◆ PROBLEM: Identify all lines of the data containing the string "Anzeige" and copy them.

Items from a data source

※ ※ ※

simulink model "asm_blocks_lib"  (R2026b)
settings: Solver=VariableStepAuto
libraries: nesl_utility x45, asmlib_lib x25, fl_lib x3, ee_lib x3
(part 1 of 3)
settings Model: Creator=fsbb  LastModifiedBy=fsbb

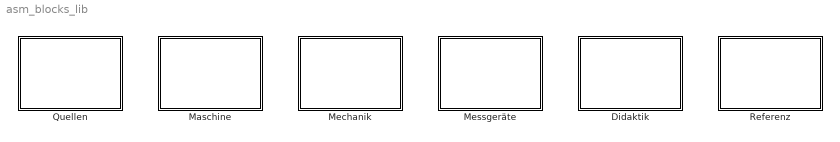
== system asm_blocks_lib ==
  Didaktik : Subsystem
      mask Display: disp('Didaktik');
  Maschine : Subsystem
      mask Display: disp('Maschine');
  Mechanik : Subsystem
      mask Display: disp('Mechanik');
  Messgeräte : Subsystem
      mask Display: disp('Messgeräte');
  Quellen : Subsystem
      mask Display: disp('Quellen');
  Referenz : Subsystem
      mask Display: disp('Referenz');

== system asm_blocks_lib/Didaktik ==
  Drehfeld-Anzeige : Subsystem  Tag=asmlib:field_display  mask(ASM-Bibliothek: Drehfeld-Anzeige){view_frame=rotorfest, image_orientation=wie Folien (U1 oben, Feld im Uhrzeigersinn), decomposition=on, change_vector=on, force_arrows=on, all_bars=on, slow_motion=0.05, N2=28, p=2, l=0.15, r=0.06, N1xi1=144, bar1_angle=-90}
      mask prompts: view_frame "Ansicht"; image_orientation "Orientierung"; decomposition "Feldzerlegung B⊥ / B∥ zeigen (Folie 16)"; change_vector "Änderungsvektor zeigen (Folie 17)"; force_arrows "Kraftpfeile zeigen (Folie 19)"; all_bars "alle Stäbe zeigen"; slow_motion "Zeitlupe (Simulationszeit je Sekunde Abspielzeit) [s]"; N2 "Anzahl Rotorstäbe N2 (2 = nur die Leiterschleife) [-]"; p "Polpaarzahl p [-]"; l "wirksame Stablänge l [m]"; r "Radius der Stabmitte r [m]"; N1xi1 "wirksame Windungszahl N1·ξ1 [-]"; bar1_angle "mechanische Lage von Stab 1 (0 = Achse Strang U, −90 = in der Folienansicht oben) [°]"
      mask help:
      | Rotorquerschnitt mit Drehfeld, Stabströmen und Kräften im Stil der Folien 16-30. Der Baustein
      | protokolliert ψh, i2′, ϑ in out.field_display_log (ein Baustein je Modell); nach der Simulation
      | startet der Knopf "Animation zeigen" die Animation (asmtools.field_animation). Einzelbilder
      | für Folien: asmexport.cross_section_series. Feldzerlegung und Änderungsvektor nur bei p = 1.
      |
      | Gleichungen:
      |   φ_el = ∠ψh,   B̂ = p·|ψh| / (2·N1ξ1·l·r),   B(γ,t) = B̂·cos(γ − φ_el)
      |   γ_k = p·ϑ + (k−1)·2π·p/N2,   î_Stab = 6·N1ξ1/N2·|i2′|,   ε2 = ∠i2′
      |   i_k = î_Stab·sin(γ_k − ε2) = î_Stab·sin(γ_k − φ_el + φ2),   φ2 = ∠ψh − ∠i2′
      |   B_k = B̂·cos(γ_k − φ_el),   F_k = i_k·l·B_k,   M_k = F_k·r
      |   Darstellung wie Folien: i_k,Folie = −i_k (positiv aus der Zeichenebene)
      |
      | Quelle: Hagl, R.: Elektrische Antriebstechnik. Hanser, München 2013; Densborn, Skript "DS-Asynchron-Motor" (DHBW Mannheim), Folien 16-30
      mask Help:
      | Rotorquerschnitt mit Drehfeld, Stabströmen und Kräften im Stil der Folien 16-30. Der Baustein
      | protokolliert ψh, i2′, ϑ in out.field_display_log (ein Baustein je Modell); nach der Simulation
      | startet der Knopf "Animation zeigen" die Animation (asmtools.field_animation). Einzelbilder
      | für Folien: asmexport.cross_section_series. Feldzerlegung und Änderungsvektor nur bei p = 1.
      | 
      | Gleichungen:
      |   φ_el = ∠ψh,   B̂ = p·|ψh| / (2·N1ξ1·l·r),   B(γ,t) = B̂·cos(γ − φ_el)
      |   γ_k = p·ϑ + (k−1)·2π·p/N2,   î_Stab = 6·N1ξ1/N2·|i2′|,   ε2 = ∠i2′
      |   i_k = î_Stab·sin(γ_k − ε2) = î_Stab·sin(γ_k − φ_el + φ2),   φ2 = ∠ψh − ∠i2′
      |   B_k = B̂·cos(γ_k − φ_el),   F_k = i_k·l·B_k,   M_k = F_k·r
      |   Darstellung wie Folien: i_k,Folie = −i_k (positiv aus der Zeichenebene)
      | 
      | Quelle: Hagl, R.: Elektrische Antriebstechnik. Hanser, München 2013; Densborn, Skript "DS-Asynchron-Motor" (DHBW Mannheim), Folien 16-30
      | 
      | Parameter und Wertebereiche:
      |   view_frame     Auswahl: rotorfest | statorfest
      |   image_orientation Auswahl: wie Folien (U1 oben, Feld im Uhrzeigersinn) | mathematisch positiv
      |   decomposition  ein/aus
      |   change_vector  ein/aus
      |   force_arrows   ein/aus
      |   all_bars       ein/aus
      |   slow_motion    > 0  [s]
      |   N2             ganzzahlig, ≥ 2  [-]
      |   p              ganzzahlig, ≥ 1, ≤ 12  [-]
      |   l              > 0  [m]
      |   r              > 0  [m]
      |   N1xi1          > 0  [-]
      |   bar1_angle     ≥ -360, ≤ 360  [°]
      | 
      | Alle Standardwerte sind Beispielwerte (parameter/asm_standard.m), keine Datenblattwerte.
      | Spezifikation: doku/SPEC.md
      mask TypeOptions view_frame: rotorfest | statorfest
      mask TypeOptions image_orientation: wie Folien (U1 oben, Feld im Uhrzeigersinn) | mathematisch positiv
      mask DialogControl evaluation_button Prompt: Animation zeigen
      mask DialogControl evaluation_button Callback: asmtools.field_animation(gcb);
      mask Display:
      | plot([0.1 0.9 0.9 0.1 0.1], [0.15 0.15 0.85 0.85 0.15]);
      | text(0.5, 0.5, 'Anzeige', 'horizontalAlignment', 'center', 'verticalAlignment', 'middle', 'texmode', 'on');
      | port_label('input', 1, '\psi_h', 'texmode', 'on');
      | port_label('input', 2, 'i2b', 'texmode', 'on');
      | port_label('input', 3, '\vartheta_{mech}', 'texmode', 'on');
  Ideales Drehfeld : Subsystem  Tag=asmlib:ideal_field  mask(ASM-Bibliothek: Ideales Drehfeld){Bhat=0.8, f1=50, p=2, s=1, l=0.15, r=0.06, N1xi1=144, N2=28, R2_S=0.000318664, L2s_S=5.0717e-06, phi2_mode=aus Rotorimpedanz (φ2 = 90° + φZ), phi2_fix=90}
      mask prompts: Bhat "Amplitude der Luftspaltflussdichte B̂ [T]"; f1 "Statorfrequenz f1 [Hz]"; p "Polpaarzahl p [-]"; s "Schlupf s [-]"; l "wirksame Stablänge l [m]"; r "Radius der Stabmitte r [m]"; N1xi1 "wirksame Windungszahl N1·ξ1 [-]"; N2 "Anzahl Rotorstäbe N2 (2 = nur die Leiterschleife) [-]"; R2_S "Widerstand einer Leiterschleife R2 [Ω]"; L2s_S "Streuinduktivität einer Leiterschleife L2σ [H]"; phi2_mode "Versatzwinkel φ2"; phi2_fix "fester Versatzwinkel φ2 [°]"
      mask help:
      | Kinematische Quelle wie Teil A des Prototyps: Drehfeld mit konstanter Amplitude, Rotor mit festem Schlupf.
      | Liefert dieselben Signale wie der Motor (ψh, i2′, ϑ), damit Rotorstab-Sonde und Drehfeld-Anzeige
      | ohne Motor betrieben werden können (Folien 16-30: s = 1, φ2 = 90°).
      |
      | Gleichungen:
      |   θ2 = ∫ s·ω1 dt,  U20 = 2·B̂·l·ω1·r/p,  î2 = s·U20/√(R2² + (s·ω1·L2σ)²)
      |   φZ = arctan(s·ω1·L2σ/R2),  φ2 = 90° + φZ  oder  φ2 = φ2,fix
      |
      | Quelle: Hagl, R.: Elektrische Antriebstechnik. Hanser, München 2013; Densborn, Skript "DS-Asynchron-Motor" (DHBW Mannheim), Folien 14-30
      mask Help:
      | Kinematische Quelle wie Teil A des Prototyps: Drehfeld mit konstanter Amplitude, Rotor mit festem Schlupf.
      | Liefert dieselben Signale wie der Motor (ψh, i2′, ϑ), damit Rotorstab-Sonde und Drehfeld-Anzeige
      | ohne Motor betrieben werden können (Folien 16-30: s = 1, φ2 = 90°).
      | 
      | Gleichungen:
      |   θ2 = ∫ s·ω1 dt,  U20 = 2·B̂·l·ω1·r/p,  î2 = s·U20/√(R2² + (s·ω1·L2σ)²)
      |   φZ = arctan(s·ω1·L2σ/R2),  φ2 = 90° + φZ  oder  φ2 = φ2,fix
      | 
      | Quelle: Hagl, R.: Elektrische Antriebstechnik. Hanser, München 2013; Densborn, Skript "DS-Asynchron-Motor" (DHBW Mannheim), Folien 14-30
      | 
      | Parameter und Wertebereiche:
      |   Bhat           > 0, ≤ 2.5  [T]
      |   f1             > 0, ≤ 1000  [Hz]
      |   p              ganzzahlig, ≥ 1, ≤ 12  [-]
      |   s              ≥ -1, ≤ 2  [-]
      |   l              > 0  [m]
      |   r              > 0  [m]
      |   N1xi1          > 0  [-]
      |   N2             ganzzahlig, ≥ 2  [-]
      |   R2_S           > 0  [Ω]
      |   L2s_S          > 0  [H]
      |   phi2_mode      Auswahl: aus Rotorimpedanz (φ2 = 90° + φZ) | fest
      |   phi2_fix       ≥ 0, ≤ 180  [°]
      | 
      | Alle Standardwerte sind Beispielwerte (parameter/asm_standard.m), keine Datenblattwerte.
      | Spezifikation: doku/SPEC.md
      mask TypeOptions phi2_mode: aus Rotorimpedanz (φ2 = 90° + φZ) | fest
      mask Display:
      | plot([0.1 0.9 0.9 0.1 0.1], [0.15 0.15 0.85 0.85 0.15]);
      | text(0.5, 0.5, 'Drehfeld', 'horizontalAlignment', 'center', 'verticalAlignment', 'middle', 'texmode', 'on');
      | port_label('output', 1, '\psi_h', 'texmode', 'on');
      | port_label('output', 2, 'i2b', 'texmode', 'on');
      | port_label('output', 3, '\vartheta_{mech}', 'texmode', 'on');
      | port_label('output', 4, '\phi_{el}', 'texmode', 'on');
      | port_label('output', 5, '\phi2', 'texmode', 'on');
  Kennlinienschreiber : Subsystem  Tag=asmlib:torque_speed_recorder  mask(ASM-Bibliothek: Kennlinienschreiber){show_kloss=on, show_ec=off, MK=71.55, sK=0.2, ns=1500}
      mask prompts: show_kloss "Kloss-Kennlinie einzeichnen"; show_ec "stationäre ESB-Kennlinie einzeichnen"; MK "Kippmoment MK [N·m]"; sK "Kippschlupf sK [-]"; ns "Synchrondrehzahl ns [1/min]"
      mask help:
      | Protokolliert n, M und M_L in out.torque_speed_log (ein Baustein je Modell). Der Knopf "Kennlinie
      | zeichnen" zeigt nach der Simulation das M(n)-Diagramm mit stationären Kennlinien und
      | Arbeitspunkt (asmtools.torque_speed_plot).
      |
      | Gleichungen:
      |   M = 2·MK·s·sK / (s² + sK²),   s = (ns − n)/ns
      |
      | Quelle: Hagl, R.: Elektrische Antriebstechnik. Hanser, München 2013; Densborn, Skript "DS-Asynchron-Motor" (DHBW Mannheim), Folien 47-56
      mask Help:
      | Protokolliert n, M und M_L in out.torque_speed_log (ein Baustein je Modell). Der Knopf "Kennlinie
      | zeichnen" zeigt nach der Simulation das M(n)-Diagramm mit stationären Kennlinien und
      | Arbeitspunkt (asmtools.torque_speed_plot).
      | 
      | Gleichungen:
      |   M = 2·MK·s·sK / (s² + sK²),   s = (ns − n)/ns
      | 
      | Quelle: Hagl, R.: Elektrische Antriebstechnik. Hanser, München 2013; Densborn, Skript "DS-Asynchron-Motor" (DHBW Mannheim), Folien 47-56
      | 
      | Parameter und Wertebereiche:
      |   show_kloss     ein/aus
      |   show_ec        ein/aus
      |   MK             > 0  [N·m]
      |   sK             > 0, ≤ 1  [-]
      |   ns             > 0  [1/min]
      | 
      | Alle Standardwerte sind Beispielwerte (parameter/asm_standard.m), keine Datenblattwerte.
      | Spezifikation: doku/SPEC.md
      mask DialogControl evaluation_button Prompt: Kennlinie zeichnen
      mask DialogControl evaluation_button Callback: asmtools.torque_speed_plot(gcb);
      mask Display:
      | plot([0.1 0.9 0.9 0.1 0.1], [0.15 0.15 0.85 0.85 0.15]);
      | text(0.5, 0.5, 'M(n)', 'horizontalAlignment', 'center', 'verticalAlignment', 'middle', 'texmode', 'on');
      | port_label('input', 1, 'n', 'texmode', 'on');
      | port_label('input', 2, 'M', 'texmode', 'on');
      | port_label('input', 3, 'M_L', 'texmode', 'on');
  Rotorstab-Sonde : Subsystem  Tag=asmlib:rotor_bar_probe  mask(ASM-Bibliothek: Rotorstab-Sonde){k1=1, k2=8, N2=28, p=2, l=0.15, r=0.06, N1xi1=144, bar1_angle=-90, convention=wie Folien (Strom aus der Zeichenebene positiv)}
      mask prompts: k1 "Nummer Stab 1 [-]"; k2 "Nummer Stab 2 (Standard: eine Polteilung weiter) [-]"; N2 "Anzahl Rotorstäbe N2 (2 = nur die Leiterschleife) [-]"; p "Polpaarzahl p [-]"; l "wirksame Stablänge l [m]"; r "Radius der Stabmitte r [m]"; N1xi1 "wirksame Windungszahl N1·ξ1 [-]"; bar1_angle "mechanische Lage von Stab 1 (0 = Achse Strang U, −90 = in der Folienansicht oben) [°]"; convention "Zählrichtung des Stabstroms"
      mask help:
      | Berechnet Flussdichte, Strom, Kraft und Moment an zwei Rotorstäben (Leiterschleife wie Folie 16)
      | aus den Modellgrößen ψh, i2′ und ϑ. M_sum ist die Summe über alle N2 Stäbe (Kontrolle: M_sum = M).
      |
      | Gleichungen:
      |   φ_el = ∠ψh,   B̂ = p·|ψh| / (2·N1ξ1·l·r),   B(γ,t) = B̂·cos(γ − φ_el)
      |   γ_k = p·ϑ + (k−1)·2π·p/N2,   î_Stab = 6·N1ξ1/N2·|i2′|,   ε2 = ∠i2′
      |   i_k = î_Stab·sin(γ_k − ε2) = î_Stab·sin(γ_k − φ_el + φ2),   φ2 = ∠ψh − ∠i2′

※ ※ ※

◆ SOLUTION:
  Drehfeld-Anzeige : Subsystem  Tag=asmlib:field_display  mask(ASM-Bibliothek: Drehfeld-Anzeige){view_frame=rotorfest, image_orientation=wie Folien (U1 oben, Feld im Uhrzeigersinn), decomposition=on, change_vector=on, force_arrows=on, all_bars=on, slow_motion=0.05, N2=28, p=2, l=0.15, r=0.06, N1xi1=144, bar1_angle=-90}
      | text(0.5, 0.5, 'Anzeige', 'horizontalAlignment', 'center', 'verticalAlignment', 'middle', 'texmode', 'on');
      | Liefert dieselben Signale wie der Motor (ψh, i2′, ϑ), damit Rotorstab-Sonde und Drehfeld-Anzeige
      | Liefert dieselben Signale wie der Motor (ψh, i2′, ϑ), damit Rotorstab-Sonde und Drehfeld-Anzeige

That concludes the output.